───── Listed records ─────

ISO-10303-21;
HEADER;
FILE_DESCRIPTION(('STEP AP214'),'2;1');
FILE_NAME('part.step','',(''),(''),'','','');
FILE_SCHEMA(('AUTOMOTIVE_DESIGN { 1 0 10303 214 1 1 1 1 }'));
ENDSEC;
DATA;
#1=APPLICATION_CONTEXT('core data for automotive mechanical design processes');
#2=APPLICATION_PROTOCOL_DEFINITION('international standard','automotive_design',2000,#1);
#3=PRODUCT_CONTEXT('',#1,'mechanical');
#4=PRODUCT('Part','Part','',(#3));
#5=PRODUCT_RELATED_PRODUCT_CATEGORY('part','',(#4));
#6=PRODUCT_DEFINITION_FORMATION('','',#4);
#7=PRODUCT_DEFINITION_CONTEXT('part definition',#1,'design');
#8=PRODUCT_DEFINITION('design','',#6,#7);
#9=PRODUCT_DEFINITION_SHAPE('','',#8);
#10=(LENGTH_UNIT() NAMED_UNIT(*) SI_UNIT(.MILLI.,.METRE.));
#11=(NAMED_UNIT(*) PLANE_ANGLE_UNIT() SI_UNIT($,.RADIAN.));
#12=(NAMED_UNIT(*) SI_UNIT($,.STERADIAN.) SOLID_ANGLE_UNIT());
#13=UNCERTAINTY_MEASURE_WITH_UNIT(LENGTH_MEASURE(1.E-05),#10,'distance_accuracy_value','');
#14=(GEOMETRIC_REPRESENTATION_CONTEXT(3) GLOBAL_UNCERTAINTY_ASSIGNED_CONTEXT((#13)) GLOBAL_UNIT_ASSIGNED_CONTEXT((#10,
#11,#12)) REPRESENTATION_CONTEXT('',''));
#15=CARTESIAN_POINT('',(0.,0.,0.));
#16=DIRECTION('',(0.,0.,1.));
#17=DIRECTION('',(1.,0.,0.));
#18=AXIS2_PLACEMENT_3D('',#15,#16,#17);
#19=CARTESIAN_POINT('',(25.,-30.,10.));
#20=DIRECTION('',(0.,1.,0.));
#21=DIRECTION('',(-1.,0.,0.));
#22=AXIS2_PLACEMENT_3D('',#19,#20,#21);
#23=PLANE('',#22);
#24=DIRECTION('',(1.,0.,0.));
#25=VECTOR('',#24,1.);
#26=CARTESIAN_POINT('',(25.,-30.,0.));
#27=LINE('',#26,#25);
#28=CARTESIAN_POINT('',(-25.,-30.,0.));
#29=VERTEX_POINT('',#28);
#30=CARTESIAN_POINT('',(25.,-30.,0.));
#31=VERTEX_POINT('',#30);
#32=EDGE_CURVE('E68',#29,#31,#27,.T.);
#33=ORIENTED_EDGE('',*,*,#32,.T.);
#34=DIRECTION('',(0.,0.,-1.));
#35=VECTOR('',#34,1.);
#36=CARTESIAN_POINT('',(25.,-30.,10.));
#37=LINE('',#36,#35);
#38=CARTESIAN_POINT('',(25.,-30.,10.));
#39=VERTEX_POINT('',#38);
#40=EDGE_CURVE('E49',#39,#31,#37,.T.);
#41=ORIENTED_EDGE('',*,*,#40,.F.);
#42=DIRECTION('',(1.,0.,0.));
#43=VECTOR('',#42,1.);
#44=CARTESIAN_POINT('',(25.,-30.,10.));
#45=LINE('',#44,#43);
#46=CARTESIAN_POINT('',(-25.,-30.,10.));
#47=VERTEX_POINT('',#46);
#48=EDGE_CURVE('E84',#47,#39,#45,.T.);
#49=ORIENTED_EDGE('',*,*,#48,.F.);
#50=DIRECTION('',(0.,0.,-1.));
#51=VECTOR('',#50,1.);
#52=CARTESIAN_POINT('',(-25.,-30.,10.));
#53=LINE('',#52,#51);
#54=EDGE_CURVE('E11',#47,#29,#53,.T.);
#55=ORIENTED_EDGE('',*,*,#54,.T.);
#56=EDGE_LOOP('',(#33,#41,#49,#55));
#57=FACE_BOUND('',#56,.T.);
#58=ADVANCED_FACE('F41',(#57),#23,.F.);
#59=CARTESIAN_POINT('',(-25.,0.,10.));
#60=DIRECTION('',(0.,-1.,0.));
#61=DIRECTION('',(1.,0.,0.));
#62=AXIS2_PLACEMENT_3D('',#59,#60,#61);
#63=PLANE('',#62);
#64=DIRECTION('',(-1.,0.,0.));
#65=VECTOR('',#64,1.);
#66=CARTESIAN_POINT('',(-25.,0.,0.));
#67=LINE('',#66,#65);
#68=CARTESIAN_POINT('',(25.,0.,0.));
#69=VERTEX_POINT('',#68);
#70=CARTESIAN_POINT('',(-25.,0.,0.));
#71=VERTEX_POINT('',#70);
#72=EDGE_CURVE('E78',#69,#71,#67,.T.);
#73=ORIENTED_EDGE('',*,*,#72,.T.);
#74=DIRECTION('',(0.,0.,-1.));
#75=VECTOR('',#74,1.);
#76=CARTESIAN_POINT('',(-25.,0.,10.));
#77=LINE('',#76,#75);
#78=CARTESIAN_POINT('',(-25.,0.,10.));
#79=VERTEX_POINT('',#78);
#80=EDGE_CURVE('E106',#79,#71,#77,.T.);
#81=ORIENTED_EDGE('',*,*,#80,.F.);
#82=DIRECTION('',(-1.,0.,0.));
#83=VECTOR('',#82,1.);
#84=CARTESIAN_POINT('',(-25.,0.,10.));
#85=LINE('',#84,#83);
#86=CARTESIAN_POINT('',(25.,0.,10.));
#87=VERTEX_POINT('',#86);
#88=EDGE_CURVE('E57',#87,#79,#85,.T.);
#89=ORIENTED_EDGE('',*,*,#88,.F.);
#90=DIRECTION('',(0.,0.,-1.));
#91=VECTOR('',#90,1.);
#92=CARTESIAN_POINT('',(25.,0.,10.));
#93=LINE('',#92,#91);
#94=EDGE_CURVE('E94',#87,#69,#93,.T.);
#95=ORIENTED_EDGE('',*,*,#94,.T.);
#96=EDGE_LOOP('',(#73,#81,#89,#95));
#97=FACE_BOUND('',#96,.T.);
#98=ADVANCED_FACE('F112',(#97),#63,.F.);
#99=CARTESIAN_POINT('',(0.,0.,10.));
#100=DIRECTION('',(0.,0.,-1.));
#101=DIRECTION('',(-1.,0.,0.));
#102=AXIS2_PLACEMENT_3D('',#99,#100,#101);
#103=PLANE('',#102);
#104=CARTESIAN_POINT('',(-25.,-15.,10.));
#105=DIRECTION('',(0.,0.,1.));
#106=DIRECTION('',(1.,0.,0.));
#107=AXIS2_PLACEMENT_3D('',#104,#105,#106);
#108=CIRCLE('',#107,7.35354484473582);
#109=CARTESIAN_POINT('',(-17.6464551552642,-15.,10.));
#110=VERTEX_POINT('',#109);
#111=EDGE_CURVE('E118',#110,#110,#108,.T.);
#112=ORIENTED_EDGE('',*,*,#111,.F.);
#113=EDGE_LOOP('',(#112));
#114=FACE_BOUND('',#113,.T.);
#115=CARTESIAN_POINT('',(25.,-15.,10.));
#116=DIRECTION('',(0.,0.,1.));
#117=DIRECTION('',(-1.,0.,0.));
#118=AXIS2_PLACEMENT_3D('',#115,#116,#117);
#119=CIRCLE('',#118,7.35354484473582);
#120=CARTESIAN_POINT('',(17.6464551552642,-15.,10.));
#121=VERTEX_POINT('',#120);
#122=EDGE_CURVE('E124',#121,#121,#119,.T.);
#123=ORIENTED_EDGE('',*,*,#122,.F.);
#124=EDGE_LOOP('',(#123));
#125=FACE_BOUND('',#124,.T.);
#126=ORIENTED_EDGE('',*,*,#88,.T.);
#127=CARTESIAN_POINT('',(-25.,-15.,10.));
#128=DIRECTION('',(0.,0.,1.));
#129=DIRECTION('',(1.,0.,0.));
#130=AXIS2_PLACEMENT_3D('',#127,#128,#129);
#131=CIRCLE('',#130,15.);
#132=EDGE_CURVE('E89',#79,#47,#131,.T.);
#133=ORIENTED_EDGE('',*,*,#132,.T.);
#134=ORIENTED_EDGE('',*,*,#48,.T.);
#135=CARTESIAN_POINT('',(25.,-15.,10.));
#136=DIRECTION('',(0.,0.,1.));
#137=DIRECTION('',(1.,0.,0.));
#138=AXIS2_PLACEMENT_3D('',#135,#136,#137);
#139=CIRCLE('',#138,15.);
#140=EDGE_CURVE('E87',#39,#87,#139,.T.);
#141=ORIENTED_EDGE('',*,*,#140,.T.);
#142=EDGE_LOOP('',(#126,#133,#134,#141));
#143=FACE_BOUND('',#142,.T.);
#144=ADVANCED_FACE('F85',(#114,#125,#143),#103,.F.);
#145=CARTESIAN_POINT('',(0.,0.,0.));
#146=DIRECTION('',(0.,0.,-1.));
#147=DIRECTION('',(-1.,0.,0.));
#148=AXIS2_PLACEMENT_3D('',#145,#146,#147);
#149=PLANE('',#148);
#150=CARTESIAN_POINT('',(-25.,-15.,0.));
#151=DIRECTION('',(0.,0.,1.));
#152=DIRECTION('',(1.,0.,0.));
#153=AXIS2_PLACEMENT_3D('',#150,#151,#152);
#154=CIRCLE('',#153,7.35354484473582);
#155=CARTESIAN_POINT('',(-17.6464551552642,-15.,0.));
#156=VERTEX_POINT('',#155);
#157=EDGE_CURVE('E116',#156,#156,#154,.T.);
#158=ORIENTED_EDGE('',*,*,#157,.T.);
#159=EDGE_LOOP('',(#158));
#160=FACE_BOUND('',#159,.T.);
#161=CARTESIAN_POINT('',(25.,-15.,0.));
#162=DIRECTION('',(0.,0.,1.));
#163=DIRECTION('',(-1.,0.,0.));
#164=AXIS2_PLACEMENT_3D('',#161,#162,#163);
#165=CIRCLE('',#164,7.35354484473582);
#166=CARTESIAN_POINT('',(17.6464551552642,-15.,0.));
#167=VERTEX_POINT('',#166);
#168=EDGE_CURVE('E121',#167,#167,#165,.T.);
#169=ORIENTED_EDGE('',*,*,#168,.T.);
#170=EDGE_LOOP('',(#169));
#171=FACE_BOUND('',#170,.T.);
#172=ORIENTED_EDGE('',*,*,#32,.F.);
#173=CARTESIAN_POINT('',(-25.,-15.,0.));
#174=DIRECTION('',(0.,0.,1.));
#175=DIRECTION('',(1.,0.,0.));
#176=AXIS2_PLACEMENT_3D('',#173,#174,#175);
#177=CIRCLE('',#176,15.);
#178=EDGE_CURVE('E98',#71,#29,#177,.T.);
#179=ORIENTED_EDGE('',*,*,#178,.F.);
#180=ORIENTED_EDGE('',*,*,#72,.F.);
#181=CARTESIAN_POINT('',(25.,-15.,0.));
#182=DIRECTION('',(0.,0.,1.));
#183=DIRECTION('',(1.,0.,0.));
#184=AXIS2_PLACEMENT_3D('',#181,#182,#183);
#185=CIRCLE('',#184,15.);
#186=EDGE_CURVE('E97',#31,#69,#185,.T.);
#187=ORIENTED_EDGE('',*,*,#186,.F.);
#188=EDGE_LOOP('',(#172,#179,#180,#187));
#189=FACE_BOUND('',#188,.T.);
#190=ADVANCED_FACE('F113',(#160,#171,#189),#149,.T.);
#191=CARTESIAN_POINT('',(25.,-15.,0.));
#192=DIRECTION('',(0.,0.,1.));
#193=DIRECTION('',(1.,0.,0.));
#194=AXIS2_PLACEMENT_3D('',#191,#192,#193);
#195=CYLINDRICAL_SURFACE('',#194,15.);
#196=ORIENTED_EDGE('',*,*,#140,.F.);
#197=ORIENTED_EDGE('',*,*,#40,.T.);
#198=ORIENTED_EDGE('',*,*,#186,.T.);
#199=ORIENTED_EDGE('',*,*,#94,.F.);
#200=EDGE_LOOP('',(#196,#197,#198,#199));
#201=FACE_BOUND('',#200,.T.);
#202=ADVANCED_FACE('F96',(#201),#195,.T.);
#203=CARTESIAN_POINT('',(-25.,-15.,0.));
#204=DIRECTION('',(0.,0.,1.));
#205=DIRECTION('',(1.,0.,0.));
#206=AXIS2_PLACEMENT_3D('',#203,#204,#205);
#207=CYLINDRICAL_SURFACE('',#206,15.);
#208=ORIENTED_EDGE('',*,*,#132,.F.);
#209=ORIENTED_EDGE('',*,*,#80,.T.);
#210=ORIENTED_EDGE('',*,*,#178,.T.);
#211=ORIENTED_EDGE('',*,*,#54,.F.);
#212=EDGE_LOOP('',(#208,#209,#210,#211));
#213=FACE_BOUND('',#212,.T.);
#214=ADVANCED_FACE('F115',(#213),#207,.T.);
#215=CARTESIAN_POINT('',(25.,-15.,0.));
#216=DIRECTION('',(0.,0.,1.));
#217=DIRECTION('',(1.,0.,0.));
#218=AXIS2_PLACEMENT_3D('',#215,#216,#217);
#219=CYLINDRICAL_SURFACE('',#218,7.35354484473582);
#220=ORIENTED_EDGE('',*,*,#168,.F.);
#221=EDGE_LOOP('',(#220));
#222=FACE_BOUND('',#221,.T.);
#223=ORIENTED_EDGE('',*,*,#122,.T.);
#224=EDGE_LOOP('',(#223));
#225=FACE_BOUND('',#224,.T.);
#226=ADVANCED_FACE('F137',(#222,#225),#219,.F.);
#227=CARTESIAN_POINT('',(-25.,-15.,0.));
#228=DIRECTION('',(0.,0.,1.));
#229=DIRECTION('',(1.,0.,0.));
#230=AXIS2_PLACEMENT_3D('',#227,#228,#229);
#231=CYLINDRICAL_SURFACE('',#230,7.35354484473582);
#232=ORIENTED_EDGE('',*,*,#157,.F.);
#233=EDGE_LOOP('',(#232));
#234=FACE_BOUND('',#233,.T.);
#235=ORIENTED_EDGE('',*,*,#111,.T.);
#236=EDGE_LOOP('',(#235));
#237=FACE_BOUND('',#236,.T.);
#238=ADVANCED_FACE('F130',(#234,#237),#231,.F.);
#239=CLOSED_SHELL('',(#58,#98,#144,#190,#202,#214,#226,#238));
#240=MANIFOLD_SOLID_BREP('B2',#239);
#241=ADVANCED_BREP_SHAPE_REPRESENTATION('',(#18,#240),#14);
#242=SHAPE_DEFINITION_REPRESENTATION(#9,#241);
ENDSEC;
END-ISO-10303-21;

─────

- Exercise prompt:
Whenever a line of the records above contains the word "mechanical", it counts toward the total; give that total alone.

- Answer section:
2